Tidak ada tanda-tanda keberadaan Sinolidi dan anaknya. Di bukit, di jalan terjal sampai di pinggir tebing. Mereka mulai menyusuri tepian sungai. Tiba-tiba salah seorang warga melihat sebuah tinii yang berputar-putar di atas pusaran air.
“Hei, bukankah itu tinii yang dipakai anaknya Sinolidi?” serunya salah satu warga tersebut. Para warga yang lain kemudian mendekati tepi sungai untuk melihatnya lebih dekat. Namun karena sudah gelap, mereka hanya melihat ada sesuatu yang melayang-layang di atas air.
Salah seorang yang lain kemudian berkata
“Sinolidi dan anaknya tidak dapat ditemukan, tapi ada tinii disini. Apakah benar ini milik mereka?”
Mereka saling berpandangan dan memutuskan untuk pulang dan menyampaikan yang mereka temukan kepada Kepala Desa.

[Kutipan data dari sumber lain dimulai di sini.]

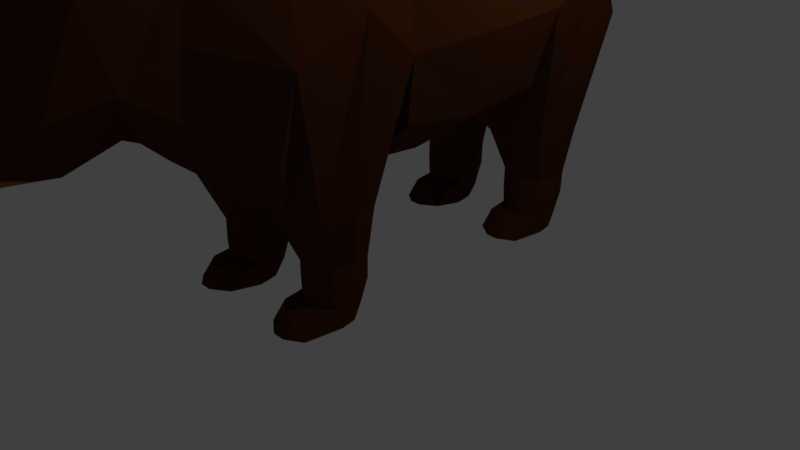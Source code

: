 # Source: bear.blend  (saved by Blender 2.79.0; exported with 4.5.12 LTS)
import bpy
from mathutils import Matrix  # noqa: F401  (used for matrix-valued properties, if any)

bpy.ops.wm.read_factory_settings(use_empty=True)
scene = bpy.context.scene
scene.name = 'Scene'

# ---- collections
col_collection_1 = bpy.data.collections.new('Collection 1'); scene.collection.children.link(col_collection_1)
col_collection_10 = bpy.data.collections.new('Collection 10'); scene.collection.children.link(col_collection_10)
col_collection_10.hide_render = True
col_collection_10.hide_viewport = True

# ---- materials (node trees are filled in below, after node groups)
mat_lightfur = bpy.data.materials.new('LightFur')
mat_lightfur.alpha_threshold = 0.0
mat_lightfur.use_transparent_shadow = False
mat_lightfur.diffuse_color = (0.3672, 0.1023, 0.01985, 1.0)
mat_lightfur.roughness = 0.5
mat_fur = bpy.data.materials.new('Fur')
mat_fur.alpha_threshold = 0.0
mat_fur.use_transparent_shadow = False
mat_fur.diffuse_color = (0.08001, 0.02422, 0.005918, 1.0)
mat_fur.roughness = 0.5

# ---- material node trees

# ---- world
world_world = bpy.data.worlds.new('World'); scene.world = world_world
world_world.color = (0.05088, 0.05088, 0.05088)
world_world.use_sun_shadow = False
world_world.sun_shadow_jitter_overblur = 0.0
world_world.cycles.sampling_method = 'MANUAL'

# ---- cameras
cam_camera = bpy.data.cameras.new('Camera')
cam_camera.clip_end = 100.0
cam_camera.lens = 35.0
cam_camera.sensor_width = 32.0
cam_camera.sensor_height = 18.0
cam_camera.ortho_scale = 7.314
cam_camera.dof.focus_distance = 0.0
cam_camera.dof.aperture_fstop = 128.0

# ---- lights
light_lamp = bpy.data.lights.new('Lamp', 'POINT')
light_lamp.transmission_factor = 0.0
light_lamp.cutoff_distance = 30.0
light_lamp.energy = 100.0
light_lamp.shadow_buffer_clip_start = 1.001
light_lamp.shadow_soft_size = 0.1
light_lamp.shadow_maximum_resolution = 0.006
light_lamp.use_absolute_resolution = True

# ---- meshes
me_cylinder = bpy.data.meshes.new('Cylinder')
me_cylinder.from_pydata([(0.6659, 0.1687, 1.606), (0.6148, 1.218, 1.736), (1.5, 0.1687, 2.212), (1.477, 1.208, 2.307), (1.818, 0.1687, 3.192), (1.784, 1.208, 3.252), (1.5, 0.1687, 4.173), (1.477, 1.208, 4.197), (0.6659, 0.1687, 4.646), (0.6731, 1.208, 4.649), (0.8187, 1.962, 0.7214), (0.8187, 1.956, 0.4508), (1.027, 2.113, 0.7178), (1.027, 2.107, 0.4472), (1.106, 2.358, 0.7119), (1.106, 2.351, 0.4412), (1.027, 2.602, 0.7059), (1.027, 2.596, 0.4353), (0.8187, 2.753, 0.7023), (0.8187, 2.747, 0.4316), (0.6448, 1.962, 0.7214), (0.6448, 1.956, 0.4508), (0.6448, 2.753, 0.7023), (0.6448, 2.747, 0.4316), (0.8207, 1.97, 0.2175), (1.02, 2.116, 0.1993), (1.097, 2.348, 0.1826), (1.02, 2.496, 0.1611), (0.8207, 2.641, 0.1478), (0.6537, 1.97, 0.2175), (0.6537, 2.641, 0.1478), (0.4153, 2.123, 0.7214), (0.4153, 2.119, 0.4508), (0.4153, 2.597, 0.7023), (0.4153, 2.593, 0.4316), (0.4242, 2.127, 0.2175), (0.4242, 2.495, 0.1478), (0.3287, 2.377, 0.7023), (0.3287, 2.376, 0.4316), (0.6537, 1.72, 0.1801), (1.02, 1.865, 0.1668), (0.3376, 2.376, 0.1478), (0.8207, 1.72, 0.1801), (0.4242, 1.878, 0.1801), (0.6537, 1.54, -0.0194), (1.02, 1.684, -0.03272), (0.8207, 1.54, -0.0194), (0.4242, 1.697, -0.0194), (1.02, 2.215, -0.08314), (1.02, 2.123, -0.07479), (1.02, 2.395, -0.04973), (0.8173, 2.49, -0.04556), (0.6537, 2.538, -0.05435), (0.4242, 2.352, -0.05435), (0.4099, 2.298, -0.05435), (0.4228, 2.124, -0.0939), (0.8625, 1.652, 1.387), (1.167, 1.874, 1.382), (1.284, 2.232, 1.373), (1.167, 2.59, 1.365), (0.8625, 2.812, 1.359), (0.6076, 1.652, 1.387), (0.6076, 2.812, 1.359), (0.2713, 1.888, 1.387), (0.2713, 2.583, 1.359), (0.1443, 2.26, 1.359), (0.702, 2.1, 4.347), (1.478, 2.1, 3.908), (1.736, 2.062, 3.637), (1.569, 2.577, 2.952), (0.9228, 2.895, 1.709), (0.5565, 2.895, 1.709), (0.1378, 2.954, 3.539), (0.3173, 2.803, 3.788), (0.5821, 2.803, 3.593), (0.6704, 2.803, 3.398), (0.6132, 2.979, 3.164), (0.3926, 3.088, 2.74), (0.2676, 3.088, 2.74), (0.2341, 2.954, 3.468), (0.2663, 2.954, 3.397), (0.2455, 3.018, 3.312), (0.1652, 3.058, 3.157), (0.1197, 3.058, 3.157), (0.1112, 3.145, 3.472), (0.1729, 3.145, 3.427), (0.1935, 3.145, 3.382), (0.2455, 3.219, 3.278), (0.1554, 3.308, 3.187), (0.7985, -0.679, 1.724), (1.474, -0.7366, 2.305), (1.674, -0.8381, 3.106), (1.474, -0.7366, 4.184), (0.6743, -0.7366, 4.633), (0.6148, -2.298, 1.751), (1.477, -2.309, 2.322), (1.784, -2.309, 3.267), (0.8187, -1.554, 0.7364), (0.8187, -1.561, 0.4658), (1.027, -1.403, 0.7327), (1.027, -1.41, 0.4621), (1.106, -1.159, 0.7268), (1.106, -1.165, 0.4562), (1.027, -0.9144, 0.7209), (1.027, -0.9209, 0.4503), (0.8187, -0.7633, 0.7172), (0.8187, -0.7698, 0.4466), (0.6448, -1.554, 0.7364), (0.6448, -1.561, 0.4658), (0.6448, -0.7633, 0.7172), (0.6448, -0.7698, 0.4466), (0.8207, -1.547, 0.2325), (1.02, -1.4, 0.2143), (1.097, -1.168, 0.1976), (1.02, -1.02, 0.176), (0.8207, -0.8759, 0.1627), (0.6537, -1.547, 0.2325), (0.6537, -0.8759, 0.1627), (0.4153, -1.394, 0.7364), (0.4153, -1.398, 0.4658), (0.4153, -0.9195, 0.7172), (0.4153, -0.9234, 0.4466), (0.4242, -1.389, 0.2325), (0.4242, -1.021, 0.1627), (0.3287, -1.14, 0.7172), (0.3287, -1.14, 0.4466), (0.6537, -1.796, 0.1951), (1.02, -1.652, 0.1818), (0.3376, -1.14, 0.1627), (0.8207, -1.796, 0.1951), (0.4242, -1.639, 0.1951), (0.6537, -1.977, -0.004432), (1.02, -1.832, -0.01776), (0.8207, -1.977, -0.004432), (0.4242, -1.819, -0.004432), (1.02, -1.302, -0.06818), (1.02, -1.393, -0.05983), (1.02, -1.121, -0.03477), (0.8173, -1.027, -0.03059), (0.6537, -0.9785, -0.03938), (0.4242, -1.165, -0.03938), (0.4099, -1.218, -0.03938), (0.4228, -1.392, -0.07894), (0.8625, -1.864, 1.402), (1.167, -1.643, 1.397), (1.284, -1.285, 1.388), (1.167, -0.9263, 1.379), (0.8625, -0.7048, 1.374), (0.6076, -1.864, 1.402), (0.6076, -0.7048, 1.374), (0.2713, -1.629, 1.402), (0.2713, -0.9338, 1.374), (0.1443, -1.257, 1.374), (1.736, -1.454, 3.652), (1.474, -1.454, 4.131), (0.6963, -1.454, 4.882), (1.318, -1.997, 4.251), (0.6963, -1.997, 4.882), (0.4111, -3.051, 2.428), (1.227, -3.058, 2.812), (1.249, -3.045, 3.495), (1.068, -2.862, 4.137), (0.7021, -2.849, 4.497), (0.2863, -4.017, 2.31), (0.6837, -4.647, 2.62), (0.4119, -5.03, 2.604), (0.2307, -4.852, 2.379), (0.3401, -5.156, 2.782), (0.2863, -4.896, 3.114), (0.2924, -3.822, 2.288), (0.9921, -4.16, 3.031), (0.5157, -3.852, 4.262), (0.2759, -3.133, 2.495), (1.181, -3.601, 3.192), (0.5537, -3.757, 4.329), (0.9303, -4.012, 3.644), (1.1, -3.802, 3.979), (0.3015, -3.939, 4.373), (0.7554, -3.955, 4.381), (0.3704, -3.801, 4.381), (0.6471, -3.828, 4.411), (0.289, -4.042, 4.543), (0.3617, -3.872, 4.5), (0.5521, -4.063, 4.629), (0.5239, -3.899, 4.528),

Kepala Kampung yang mendengar cerita tersebut sangat terkejut. Dia kemudian menceritakannya ke Rugalia. Bergegas Rugalia dan warga lain menuju ke lokasi penemuan tinii itu. Ketika tiba di lokasi, Rugalia terduduk lemas. Meski samar-samar dalam gelap, tapi dia bisa mengenali tinii itu. Itu adalah caping yang dibuatnya sendiri khusus untuk anaknya.
Hingga keesokan harinya, warga terus mencari, namun tetap tidak menemukan apa-apa. Mereka sudah menyusuri berkilo-kilo meter sungai, namun tetap tidak menemukan Sinolidi dan anaknya.
Pagi harinya, ketika mereka kembali ke pusaran air sungai, tinii itu terlihat terus berputar. Samar samar dari arah pusaran air itu, beberapa orang mendengar suara seperti suara seorang anak sedang bermain. Beberapa orang lainnya mendengar suara seorang perempuan sedang bersenandung menyanyikan lagu pengantar tidur untuk anak. Ada yang mengenali suara itu
“Itu suara Sinolidi”.
Kepala kampung dan para tetua berembuk. Mereka kemudian sepakat, bahwa Sinolidi dan anaknya hanyut terbawa air banjir. Kepala desa dan para tetua kemudian duduk di tepian sungai itu. Mereka lalu berkomunikasi dengan sungai dan mahluk-mahluk yang hidup di sekitarnya. Meminta agar ikan-ikan, belut, kurakura, dan makhluk lainnya yang ada di sekitar lokasi itu untuk menjaga Sinolidi dan anaknya.
Tak lama di lokasi itu perlahan-lahan muncul batu-batu yang melayang-layang di dalam air. Mereka percaya, itulah Sinolidi dan anaknya yang telah berubah menjadi batu. Demikianlah sampai saat ini, batu itu dinamakan Watu Yano, yang berarti batu yang melayang di dalam air. Watu Yano masih bisa ditemukan di tepi Danau Poso di wilayah Desa Dulumai.